#### [AIM OF THE TASK]
Copy out the lines of the material that include the string "Entry".

#### [DATA FOR THIS TASK]
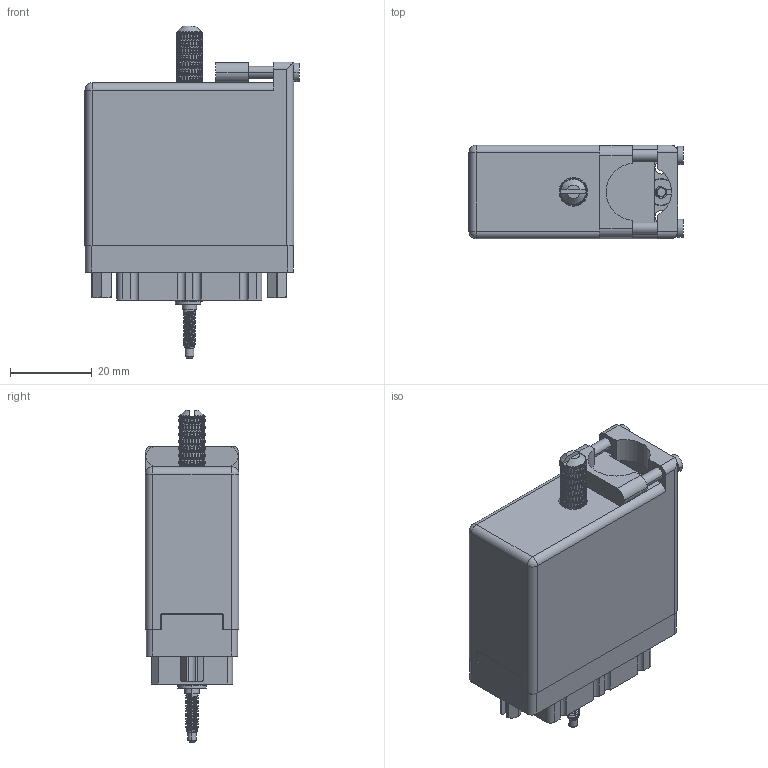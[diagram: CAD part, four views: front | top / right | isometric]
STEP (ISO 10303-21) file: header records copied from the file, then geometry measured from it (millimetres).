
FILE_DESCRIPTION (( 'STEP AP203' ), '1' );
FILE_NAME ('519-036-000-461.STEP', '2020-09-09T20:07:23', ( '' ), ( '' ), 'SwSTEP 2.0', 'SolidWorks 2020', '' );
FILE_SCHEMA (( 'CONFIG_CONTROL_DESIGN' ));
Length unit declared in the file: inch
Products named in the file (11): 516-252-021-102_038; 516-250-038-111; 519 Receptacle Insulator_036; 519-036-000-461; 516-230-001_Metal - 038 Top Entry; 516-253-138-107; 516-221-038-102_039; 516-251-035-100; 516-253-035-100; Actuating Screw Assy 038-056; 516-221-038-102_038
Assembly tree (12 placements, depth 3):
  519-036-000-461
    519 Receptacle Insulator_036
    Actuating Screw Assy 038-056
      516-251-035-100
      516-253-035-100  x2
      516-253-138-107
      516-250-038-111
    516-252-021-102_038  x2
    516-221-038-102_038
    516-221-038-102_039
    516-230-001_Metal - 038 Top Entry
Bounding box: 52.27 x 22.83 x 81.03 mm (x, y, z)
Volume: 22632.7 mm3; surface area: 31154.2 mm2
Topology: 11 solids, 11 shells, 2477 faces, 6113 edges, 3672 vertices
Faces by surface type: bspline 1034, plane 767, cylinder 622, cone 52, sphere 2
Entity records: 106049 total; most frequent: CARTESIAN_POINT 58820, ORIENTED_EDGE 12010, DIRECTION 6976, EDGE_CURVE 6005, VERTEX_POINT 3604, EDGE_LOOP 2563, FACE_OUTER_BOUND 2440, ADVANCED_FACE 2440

#### [ANSWER BOX]
Products named in the file (11): 516-252-021-102_038; 516-250-038-111; 519 Receptacle Insulator_036; 519-036-000-461; 516-230-001_Metal - 038 Top Entry; 516-253-138-107; 516-221-038-102_039; 516-251-035-100; 516-253-035-100; Actuating Screw Assy 038-056; 516-221-038-102_038
    516-230-001_Metal - 038 Top Entry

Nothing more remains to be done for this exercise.